Today, I learned about the algebraic properties of addition and multiplication. These properties are commutative, associative, and distributive. The commutative property states that the order in which we add or multiply numbers does not affect the result. For example, 2+3 is the same as 3+2, and 2x3 is the same as 3x2. The associative property states that we can group numbers in different ways without changing the result. For example, (2+3)+4 is the same as 2+(3+4), and (2x3)x4 is the same as 2x(3x4). The distributive property states that we can distribute a factor across a sum or difference. For example, 2x(3+4) is the same as 2x3 + 2x4.

Journal Entry 2:

Today, I learned about algebraic expressions and how to simplify them using the properties of addition and multiplication. An algebraic expression is a combination of numbers, variables, and operations.
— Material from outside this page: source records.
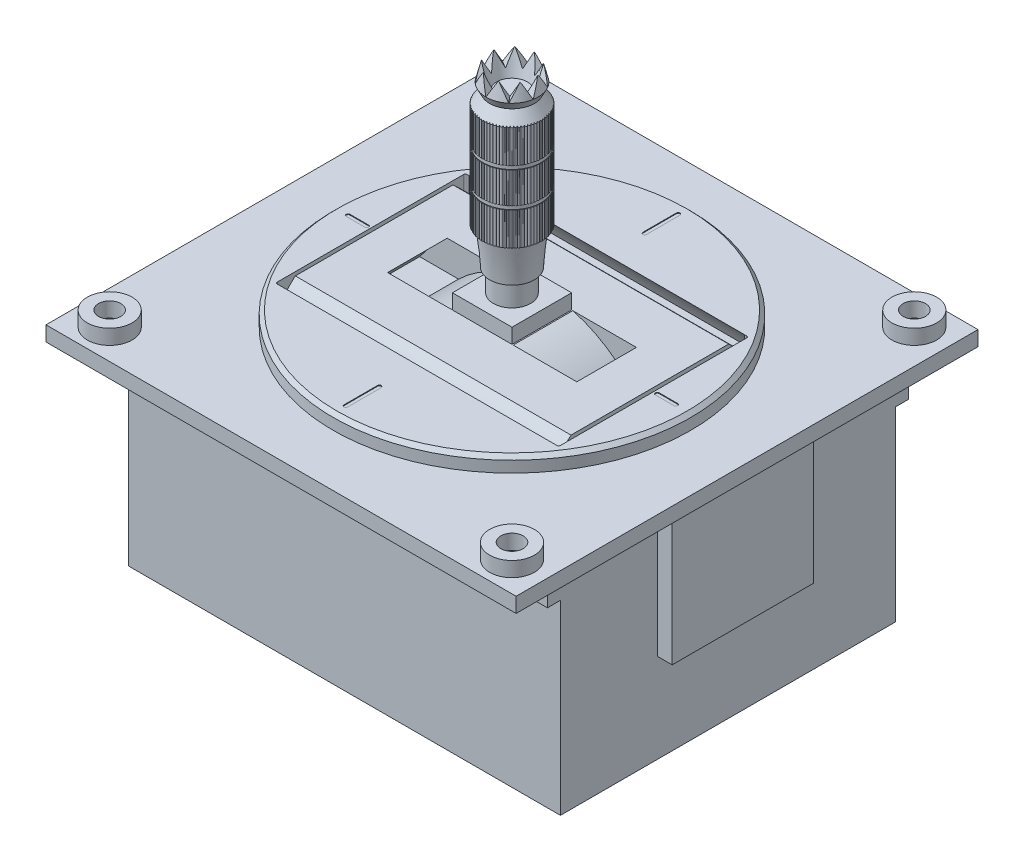
from build123d import *

# Parameters (mm, degrees)
SKETCH1_R                      = 24
CENTREOFFSET_DEPTH             = 2
MAINBODY_START                 = -2
SKETCH1_3_W                    = 63.1
SKETCH1_3_H                    = 62
SKETCH1_3_R                    = 3
SKETCH1_3_R_2                  = 24
MAINBODY_DEPTH                 = 2
SKETCH1_4_R                    = 3
SKETCH1_4_R_2                  = 1.5
SCREWHOLES_DEPTH               = 2
SCREWHOLES_2_DEPTH             = 2
SCREWHOLES_3_DEPTH             = 2
SCREWHOLES_4_DEPTH             = 2
SKETCH15_W                     = 37
SKETCH15_H                     = 1.5
PIVOTCUTOUTX_ANGLE             = 70
PIVOTCUTOUTX_OTHER_WAY_ANGLE   = 70
SKETCH20_W                     = 8
SKETCH20_H                     = 4
PIVOTCUTOUTY_ANGLE             = 90
PIVOTCUTOUTY_OTHER_WAY_ANGLE   = 90
SKETCH2_W                      = 8
SKETCH2_H                      = 8
STICKBASE_DEPTH                = 2
STICKBOTTOMSKETCH_R            = 2.5
STICKBOTTOM_DEPTH              = 3
SKETCH6_R                      = 4
SKETCH7_R                      = 4
SKETCH8_R                      = 3
SKETCH9_R                      = 3.5
SKETCH10_R                     = 3
CUT_EXTRUDE1_DEPTH             = 54.727576775
SPIKYBIT_COUNT                 = 9
INDENTSKETCH_W                 = 0.2
INDENTSKETCH_H                 = 0.5
CUT_EXTRUDE3_REACH             = 54.349
SKETCH14_R                     = 5
CUT_EXTRUDE3_DIRECTION_2_DEPTH = 53.348853856
CUT_EXTRUDE4_DEPTH             = 10
SKETCH17_W                     = 58
SKETCH17_H                     = 48.5
LIP_DEPTH                      = 4
SKETCH18_W                     = 58
SKETCH18_H                     = 45
BOTTOM_DEPTH                   = 25
SKETCH19_W                     = 2
SKETCH19_H                     = 19
BEARINGHOLDER_DEPTH            = 17
INDICATORS_DEPTH               = 0.1
CHAMFER2_SIZE                  = 0.5


with BuildPart() as part:
    # Sketch1 → CentreOffset (new body)
    with BuildSketch(Plane(origin=(0, 0, 0), x_dir=(1, 0, 0), z_dir=(0, 1, 0))):
        with Locations(Location((0, 0, 0), (0, 0, 90))):
            Circle(SKETCH1_R)
    extrude(amount=CENTREOFFSET_DEPTH)

    # Sketch1<3> → MainBody (add)
    # profile 1 of 2: a face of its own
    with BuildSketch(Plane(origin=(0, 0, 0), x_dir=(1, 0, 0), z_dir=(0, 1, 0)).offset(MAINBODY_START)):
        Rectangle(SKETCH1_3_W, SKETCH1_3_H)
        with Locations(Location((-27, 27, 0), (0, 0, 270))):
            Circle(SKETCH1_3_R, mode=Mode.SUBTRACT)
        with Locations(Location((27, 27, 0), (0, 0, 270))):
            Circle(SKETCH1_3_R, mode=Mode.SUBTRACT)
        with Locations(Location((0, 0, 0), (0, 0, 90))):
            Circle(SKETCH1_3_R_2, mode=Mode.SUBTRACT)
        with Locations(Location((-27, -27, 0), (0, 0, 270))):
            Circle(SKETCH1_3_R, mode=Mode.SUBTRACT)
        with Locations(Location((27, -27, 0), (0, 0, 270))):
            Circle(SKETCH1_3_R, mode=Mode.SUBTRACT)
    # profile 2 of 2: a face of its own
    with BuildSketch(Plane(origin=(0, 0, 0), x_dir=(1, 0, 0), z_dir=(0, 1, 0)).offset(MAINBODY_START)):
        with Locations(Location((0, 0, 0), (0, 0, 90))):
            Circle(SKETCH1_3_R_2)
    extrude(amount=MAINBODY_DEPTH)

    # Sketch15 → PivotCutoutX (revolve, cut)
    with BuildSketch(Plane.XY):
        with Locations((0, 6.75)):
            Rectangle(SKETCH15_W, SKETCH15_H)
    revolve(axis=Axis((-31.55, -10, 0), (1, 0, 0)), revolution_arc=PIVOTCUTOUTX_ANGLE, mode=Mode.SUBTRACT)

    # Sketch15 → PivotCutoutX other way (revolve, cut)
    with BuildSketch(Plane.XY):
        with Locations((0, 6.75)):
            Rectangle(SKETCH15_W, SKETCH15_H)
    revolve(axis=Axis((-31.55, -10, 0), (-1, 0, 0)), revolution_arc=PIVOTCUTOUTX_OTHER_WAY_ANGLE, mode=Mode.SUBTRACT)

    # Sketch20 → PivotCutoutY (revolve, cut)
    with BuildSketch(Plane(origin=(0, 0, 0), x_dir=(0, 0, -1), z_dir=(1, 0, 0))):
        with Locations((0, 4.55)):
            Rectangle(SKETCH20_W, SKETCH20_H)
    revolve(axis=Axis((0, -13.45, 22.5), (0, 0, -1)), revolution_arc=PIVOTCUTOUTY_ANGLE, mode=Mode.SUBTRACT)

    # Sketch20 → PivotCutoutY other way (revolve, cut)
    with BuildSketch(Plane(origin=(0, 0, 0), x_dir=(0, 0, -1), z_dir=(1, 0, 0))):
        with Locations((0, 4.55)):
            Rectangle(SKETCH20_W, SKETCH20_H)
    revolve(axis=Axis((0, -13.45, 22.5), (0, 0, 1)), revolution_arc=PIVOTCUTOUTY_OTHER_WAY_ANGLE, mode=Mode.SUBTRACT)

    # Sketch2 → StickBase (add)
    with BuildSketch(Plane(origin=(0, 2, 0), x_dir=(1, 0, 0), z_dir=(0, 1, 0))):
        Rectangle(SKETCH2_W, SKETCH2_H)
    extrude(amount=STICKBASE_DEPTH)

    # StickBottomSketch → StickBottom (add)
    with BuildSketch(Plane(origin=(0, 4, 0), x_dir=(1, 0, 0), z_dir=(0, 1, 0))):
        with Locations(Location((0, 0, 0), (0, 0, 270))):
            Circle(STICKBOTTOMSKETCH_R)
    extrude(amount=STICKBOTTOM_DEPTH)

    # Loft1: read off the stored shape, not the designer's step
    # Loft1: loft between two sections, ruled curve by curve
    loft1_from = [
        Edge.make_bspline([(-0.3666474, 7, 2.977510652), (5.588373905, 7, 3.710805452), (6.321668704, 7, -2.244215853), (0.3666474, 7, -2.977510652), (-5.588373905, 7, -3.710805452), (-6.321668704, 7, 2.244215853), (-0.3666474, 7, 2.977510652)], [0, 0, 0, 0, 0.5, 0.5, 0.5, 1, 1, 1, 1], 3, [1, 0.333333333, 0.333333333, 1, 0.333333333, 0.333333333, 1]),
    ]
    loft1_to = [
        Edge.make_bspline([(0.912945272, 12, 3.378835736), (7.670616744, 12, 1.552945192), (5.8447262, 12, -5.20472628), (-0.912945272, 12, -3.378835736), (-7.670616744, 12, -1.552945192), (-5.8447262, 12, 5.20472628), (0.912945272, 12, 3.378835736)], [0, 0, 0, 0, 0.5, 0.5, 0.5, 1, 1, 1, 1], 3, [1, 0.333333333, 0.333333333, 1, 0.333333333, 0.333333333, 1]),
    ]
    loft1 = Solid(Shell([*[Face.make_surface_from_curves(loft1_from[k], loft1_to[k]) for k in range(1)], Face(Wire(loft1_from)), Face(Wire(loft1_to))]))
    add(loft1)

    # Sketch6 → Loft2 section 0
    with BuildSketch(Plane(origin=(0, 12, 0), x_dir=(1, 0, 0), z_dir=(0, 1, 0))):
        Circle(SKETCH6_R)
    # Sketch7 → Loft2 section 1
    with BuildSketch(Plane(origin=(0, 26, 0), x_dir=(1, 0, 0), z_dir=(0, 1, 0))):
        Circle(SKETCH7_R)
    loft()

    # Sketch8 → section 1 of loft3
    with BuildSketch(Plane(origin=(0, 27.5, 0), x_dir=(1, 0, 0), z_dir=(0, 1, 0)), mode=Mode.PRIVATE) as loft3_s1:
        Circle(SKETCH8_R)
    # loft up to a face of the part (loft3)
    loft([Face(Wire([part.edges().sort_by_distance((-2.738188424, 26, -2.91587451))[0]])), loft3_s1.sketch])

    # Sketch9 → section 1 of loft4
    with BuildSketch(Plane(origin=(0, 28.5, 0), x_dir=(1, 0, 0), z_dir=(0, 1, 0)), mode=Mode.PRIVATE) as loft4_s1:
        Circle(SKETCH9_R)
    # loft up to a face of the part (loft4)
    loft([Face(Wire([part.edges().sort_by_distance((-2.053641318, 27.5, -2.186905882))[0]])), loft4_s1.sketch])

    # Sketch10 → section 1 of loft5
    with BuildSketch(Plane(origin=(0, 30.5, 0), x_dir=(1, 0, 0), z_dir=(0, 1, 0)), mode=Mode.PRIVATE) as loft5_s1:
        Circle(SKETCH10_R)
    # loft up to a face of the part (loft5)
    loft([Face(Wire([part.edges().sort_by_distance((-2.395914871, 28.5, -2.551390196))[0]])), loft5_s1.sketch])

    # Sketch12 → Cut-Revolve1 (revolve, cut)
    with BuildSketch(Plane.XY, mode=Mode.PRIVATE) as cut_revolve1_sk:
        Polygon((0, 30.5), (3, 30.5), (2.040418312, 27.5), (0, 27.5), align=None)
    revolve(cut_revolve1_sk.sketch.rotate(Axis((0, 30.5, 0), (0, -1, 0)), 180), axis=Axis((0, 30.5, 0), (0, -1, 0)), mode=Mode.SUBTRACT)

    # Sketch13 → Cut-Extrude1 (cut, through all)
    with BuildSketch(Plane.XY):
        Polygon((-1, 30.5), (1, 30.5), (0, 28.5), align=None)
    cut_extrude1 = extrude(amount=CUT_EXTRUDE1_DEPTH, mode=Mode.SUBTRACT)

    # SpikyBit: Cut-Extrude1 ×9 about axis
    spikybit_axis = Axis((0, 0, 0), (0, 1, 0))
    for i in range(1, SPIKYBIT_COUNT):
        add(cut_extrude1.rotate(spikybit_axis, i * 360 / SPIKYBIT_COUNT), mode=Mode.SUBTRACT)

    # IndentSketch → Cut-Revolve3 (revolve, cut)
    with BuildSketch(Plane.XY, mode=Mode.PRIVATE) as cut_revolve3_sk:
        with Locations((4, 16.666666667)):
            Rectangle(INDENTSKETCH_W, INDENTSKETCH_H)
        with Locations((4, 21.333333333)):
            Rectangle(INDENTSKETCH_W, INDENTSKETCH_H)
    revolve(cut_revolve3_sk.sketch.rotate(Axis((0, 30.5, 0), (0, -1, 0)), 180), axis=Axis((0, 30.5, 0), (0, -1, 0)), mode=Mode.SUBTRACT)

    # Cut-Extrude3: up to this face of the body (flat: up to its plane)
    cut_extrude3_end = Plane(part.part.faces().sort_by_distance((0, 4, 3.886862915))[0])
    # Sketch14 → Cut-Extrude3 (cut, up to the picked face)
    with BuildSketch(Plane(origin=(0, 26, 0), x_dir=(1, 0, 0), z_dir=(0, 1, 0)), mode=Mode.PRIVATE) as cut_extrude3_sk1:
        Circle(SKETCH14_R)
        with BuildLine():
            ThreePointArc((-0.170350384, 3.901665246), (0, 4.000017085), (0.170350384, 3.901665246))
            ThreePointArc((0.170350384, 3.901665246), (0.34862446, 3.984795813), (0.509754681, 3.871971217))
            ThreePointArc((0.509754681, 3.871971217), (0.694595678, 3.939247838), (0.845279438, 3.81280915))
            ThreePointArc((0.845279438, 3.81280915), (1.035280602, 3.863719808), (1.174371108, 3.724629303))
            ThreePointArc((1.174371108, 3.724629303), (1.368086417, 3.758786538), (1.494525105, 3.608102778))
            ThreePointArc((1.494525105, 3.608102778), (1.690480268, 3.625246633), (1.803304863, 3.464116412))
            ThreePointArc((1.803304863, 3.464116412), (2.000008543, 3.464116412), (2.098360383, 3.293766028))
            ThreePointArc((2.098360383, 3.293766028), (2.294315545, 3.276622173), (2.377446112, 3.098348096))
            ThreePointArc((2.377446112, 3.098348096), (2.571161421, 3.064190861), (2.638438042, 2.879349865))
            ThreePointArc((2.638438042, 2.879349865), (2.828439206, 2.828439206), (2.879349865, 2.638438042))
            ThreePointArc((2.879349865, 2.638438042), (3.064190861, 2.571161421), (3.098348096, 2.377446112))
            ThreePointArc((3.098348096, 2.377446112), (3.276622173, 2.294315545), (3.293766028, 2.098360383))
            ThreePointArc((3.293766028, 2.098360383), (3.464116412, 2.000008543), (3.464116412, 1.803304863))
            ThreePointArc((3.464116412, 1.803304863), (3.625246633, 1.690480268), (3.608102778, 1.494525105))
            ThreePointArc((3.608102778, 1.494525105), (3.758786538, 1.368086417), (3.724629303, 1.174371108))
            ThreePointArc((3.724629303, 1.174371108), (3.863719808, 1.035280602), (3.81280915, 0.845279438))
            ThreePointArc((3.81280915, 0.845279438), (3.939247838, 0.694595678), (3.871971217, 0.509754681))
            ThreePointArc((3.871971217, 0.509754681), (3.984795813, 0.34862446), (3.901665246, 0.170350384))
            ThreePointArc((3.901665246, 0.170350384), (4.000017085, 0), (3.901665246, -0.170350384))
            ThreePointArc((3.901665246, -0.170350384), (3.984795813, -0.34862446), (3.871971217, -0.509754681))
            ThreePointArc((3.871971217, -0.509754681), (3.939247838, -0.694595678), (3.81280915, -0.845279438))
            ThreePointArc((3.81280915, -0.845279438), (3.863719808, -1.035280602), (3.724629303, -1.174371108))
            ThreePointArc((3.724629303, -1.174371108), (3.758786538, -1.368086417), (3.608102778, -1.494525105))
            ThreePointArc((3.608102778, -1.494525105), (3.625246633, -1.690480268), (3.464116412, -1.803304863))
            ThreePointArc((3.464116412, -1.803304863), (3.464116412, -2.000008543), (3.293766028, -2.098360383))
            ThreePointArc((3.293766028, -2.098360383), (3.276622173, -2.294315545), (3.098348096, -2.377446112))
            ThreePointArc((3.098348096, -2.377446112), (3.064190861, -2.571161421), (2.879349865, -2.638438042))
            ThreePointArc((2.879349865, -2.638438042), (2.828439206, -2.828439206), (2.638438042, -2.879349865))
            ThreePointArc((2.638438042, -2.879349865), (2.571161421, -3.064190861), (2.377446112, -3.098348096))
            ThreePointArc((2.377446112, -3.098348096), (2.294315545, -3.276622173), (2.098360383, -3.293766028))
            ThreePointArc((2.098360383, -3.293766028), (2.000008543, -3.464116412), (1.803304863, -3.464116412))
            ThreePointArc((1.803304863, -3.464116412), (1.690480268, -3.625246633), (1.494525105, -3.608102778))
            ThreePointArc((1.494525105, -3.608102778), (1.368086417, -3.758786538), (1.174371108, -3.724629303))
            ThreePointArc((1.174371108, -3.724629303), (1.035280602, -3.863719808), (0.845279438, -3.81280915))
            ThreePointArc((0.845279438, -3.81280915), (0.694595678, -3.939247838), (0.509754681, -3.871971217))
            ThreePointArc((0.509754681, -3.871971217), (0.34862446, -3.984795813), (0.170350384, -3.901665246))
            ThreePointArc((0.170350384, -3.901665246), (0, -4.000017085), (-0.170350384, -3.901665246))
            ThreePointArc((-0.170350384, -3.901665246), (-0.34862446, -3.984795813), (-0.509754681, -3.871971217))
            ThreePointArc((-0.509754681, -3.871971217), (-0.694595678, -3.939247838), (-0.845279438, -3.81280915))
            ThreePointArc((-0.845279438, -3.81280915), (-1.035280602, -3.863719808), (-1.174371108, -3.724629303))
            ThreePointArc((-1.174371108, -3.724629303), (-1.368086417, -3.758786538), (-1.494525105, -3.608102778))
            ThreePointArc((-1.494525105, -3.608102778), (-1.690480268, -3.625246633), (-1.803304863, -3.464116412))
            ThreePointArc((-1.803304863, -3.464116412), (-2.000008543, -3.464116412), (-2.098360383, -3.293766028))
            ThreePointArc((-2.098360383, -3.293766028), (-2.294315545, -3.276622173), (-2.377446112, -3.098348096))
            ThreePointArc((-2.377446112, -3.098348096), (-2.571161421, -3.064190861), (-2.638438042, -2.879349865))
            ThreePointArc((-2.638438042, -2.879349865), (-2.828439206, -2.828439206), (-2.879349865, -2.638438042))
            ThreePointArc((-2.879349865, -2.638438042), (-3.064190861, -2.571161421), (-3.098348096, -2.377446112))
            ThreePointArc((-3.098348096, -2.377446112), (-3.276622173, -2.294315545), (-3.293766028, -2.098360383))
            ThreePointArc((-3.293766028, -2.098360383), (-3.464116412, -2.000008543), (-3.464116412, -1.803304863))
            ThreePointArc((-3.464116412, -1.803304863), (-3.625246633, -1.690480268), (-3.608102778, -1.494525105))
            ThreePointArc((-3.608102778, -1.494525105), (-3.758786538, -1.368086417), (-3.724629303, -1.174371108))
            ThreePointArc((-3.724629303, -1.174371108), (-3.863719808, -1.035280602), (-3.81280915, -0.845279438))
            ThreePointArc((-3.81280915, -0.845279438), (-3.939247838, -0.694595678), (-3.871971217, -0.509754681))
            ThreePointArc((-3.871971217, -0.509754681), (-3.984795813, -0.34862446), (-3.901665246, -0.170350384))
            ThreePointArc((-3.901665246, -0.170350384), (-4.000017085, 0), (-3.901665246, 0.170350384))
            ThreePointArc((-3.901665246, 0.170350384), (-3.984795813, 0.34862446), (-3.871971217, 0.509754681))
            ThreePointArc((-3.871971217, 0.509754681), (-3.939247838, 0.694595678), (-3.81280915, 0.845279438))
            ThreePointArc((-3.81280915, 0.845279438), (-3.863719808, 1.035280602), (-3.724629303, 1.174371108))
            ThreePointArc((-3.724629303, 1.174371108), (-3.758786538, 1.368086417), (-3.608102778, 1.494525105))
            ThreePointArc((-3.608102778, 1.494525105), (-3.625246633, 1.690480268), (-3.464116412, 1.803304863))
            ThreePointArc((-3.464116412, 1.803304863), (-3.464116412, 2.000008543), (-3.293766028, 2.098360383))
            ThreePointArc((-3.293766028, 2.098360383), (-3.276622173, 2.294315545), (-3.098348096, 2.377446112))
            ThreePointArc((-3.098348096, 2.377446112), (-3.064190861, 2.571161421), (-2.879349865, 2.638438042))
            ThreePointArc((-2.879349865, 2.638438042), (-2.828439206, 2.828439206), (-2.638438042, 2.879349865))
            ThreePointArc((-2.638438042, 2.879349865), (-2.571161421, 3.064190861), (-2.377446112, 3.098348096))
            ThreePointArc((-2.377446112, 3.098348096), (-2.294315545, 3.276622173), (-2.098360383, 3.293766028))
            ThreePointArc((-2.098360383, 3.293766028), (-2.000008543, 3.464116412), (-1.803304863, 3.464116412))
            ThreePointArc((-1.803304863, 3.464116412), (-1.690480268, 3.625246633), (-1.494525105, 3.608102778))
            ThreePointArc((-1.494525105, 3.608102778), (-1.368086417, 3.758786538), (-1.174371108, 3.724629303))
            ThreePointArc((-1.174371108, 3.724629303), (-1.035280602, 3.863719808), (-0.845279438, 3.81280915))
            ThreePointArc((-0.845279438, 3.81280915), (-0.694595678, 3.939247838), (-0.509754681, 3.871971217))
            ThreePointArc((-0.509754681, 3.871971217), (-0.34862446, 3.984795813), (-0.170350384, 3.901665246))
        make_face(mode=Mode.SUBTRACT)
    cut_extrude3_tool1 = split(extrude(cut_extrude3_sk1.sketch, amount=-CUT_EXTRUDE3_REACH, mode=Mode.PRIVATE), bisect_by=cut_extrude3_end, keep=Keep.BOTH, mode=Mode.PRIVATE)
    add(cut_extrude3_tool1.solids().sort_by(Axis((-4.858579, 26, 0), (0, -1, 0)))[0], mode=Mode.SUBTRACT)

    # Sketch14 → Cut-Extrude3 direction 2 (cut)
    with BuildSketch(Plane(origin=(0, 26, 0), x_dir=(1, 0, 0), z_dir=(0, 1, 0))):
        Circle(SKETCH14_R)
        with BuildLine():
            ThreePointArc((-0.170350384, 3.901665246), (0, 4.000017085), (0.170350384, 3.901665246))
            ThreePointArc((0.170350384, 3.901665246), (0.34862446, 3.984795813), (0.509754681, 3.871971217))
            ThreePointArc((0.509754681, 3.871971217), (0.694595678, 3.939247838), (0.845279438, 3.81280915))
            ThreePointArc((0.845279438, 3.81280915), (1.035280602, 3.863719808), (1.174371108, 3.724629303))
            ThreePointArc((1.174371108, 3.724629303), (1.368086417, 3.758786538), (1.494525105, 3.608102778))
            ThreePointArc((1.494525105, 3.608102778), (1.690480268, 3.625246633), (1.803304863, 3.464116412))
            ThreePointArc((1.803304863, 3.464116412), (2.000008543, 3.464116412), (2.098360383, 3.293766028))
            ThreePointArc((2.098360383, 3.293766028), (2.294315545, 3.276622173), (2.377446112, 3.098348096))
            ThreePointArc((2.377446112, 3.098348096), (2.571161421, 3.064190861), (2.638438042, 2.879349865))
            ThreePointArc((2.638438042, 2.879349865), (2.828439206, 2.828439206), (2.879349865, 2.638438042))
            ThreePointArc((2.879349865, 2.638438042), (3.064190861, 2.571161421), (3.098348096, 2.377446112))
            ThreePointArc((3.098348096, 2.377446112), (3.276622173, 2.294315545), (3.293766028, 2.098360383))
            ThreePointArc((3.293766028, 2.098360383), (3.464116412, 2.000008543), (3.464116412, 1.803304863))
            ThreePointArc((3.464116412, 1.803304863), (3.625246633, 1.690480268), (3.608102778, 1.494525105))
            ThreePointArc((3.608102778, 1.494525105), (3.758786538, 1.368086417), (3.724629303, 1.174371108))
            ThreePointArc((3.724629303, 1.174371108), (3.863719808, 1.035280602), (3.81280915, 0.845279438))
            ThreePointArc((3.81280915, 0.845279438), (3.939247838, 0.694595678), (3.871971217, 0.509754681))
            ThreePointArc((3.871971217, 0.509754681), (3.984795813, 0.34862446), (3.901665246, 0.170350384))
            ThreePointArc((3.901665246, 0.170350384), (4.000017085, 0), (3.901665246, -0.170350384))
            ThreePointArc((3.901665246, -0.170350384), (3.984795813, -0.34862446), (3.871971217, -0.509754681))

For example, 2x + 3y - 4z is an algebraic expression. To simplify an expression, we use the properties of addition and multiplication to combine like terms and simplify the expression as much as possible. Like terms are terms that have the same variables raised to the same powers. For example, 2x and 5x are like terms, but 2x and 5y are not. We can add or subtract like terms by adding or subtracting their coefficients. For example, 2x + 5x is 7x. We can also multiply terms by using the distributive property. For example, 2(3x + 4y) is 6x + 8y.

Journal Entry 3:

Today, I learned about algebraic expressions with exponents. An exponent is a small number written to the right of a base number that indicates how many times to multiply the base by itself. For example, in 2³, the base is 2 and the exponent is 3. To simplify an expression with exponents, we use the properties of exponents, such as the product rule and the power rule. The product rule states that when multiplying two powers with the same base, we add their exponents. For example, 2³ x 2² is 2^(3+2) or 2^5. The power rule states that when raising a power to another power, we multiply the exponents. For example, (2²)³ is 2^(2x3) or 2^6. We can also simplify expressions with exponents by combining like terms, just like we did with expressions without exponents.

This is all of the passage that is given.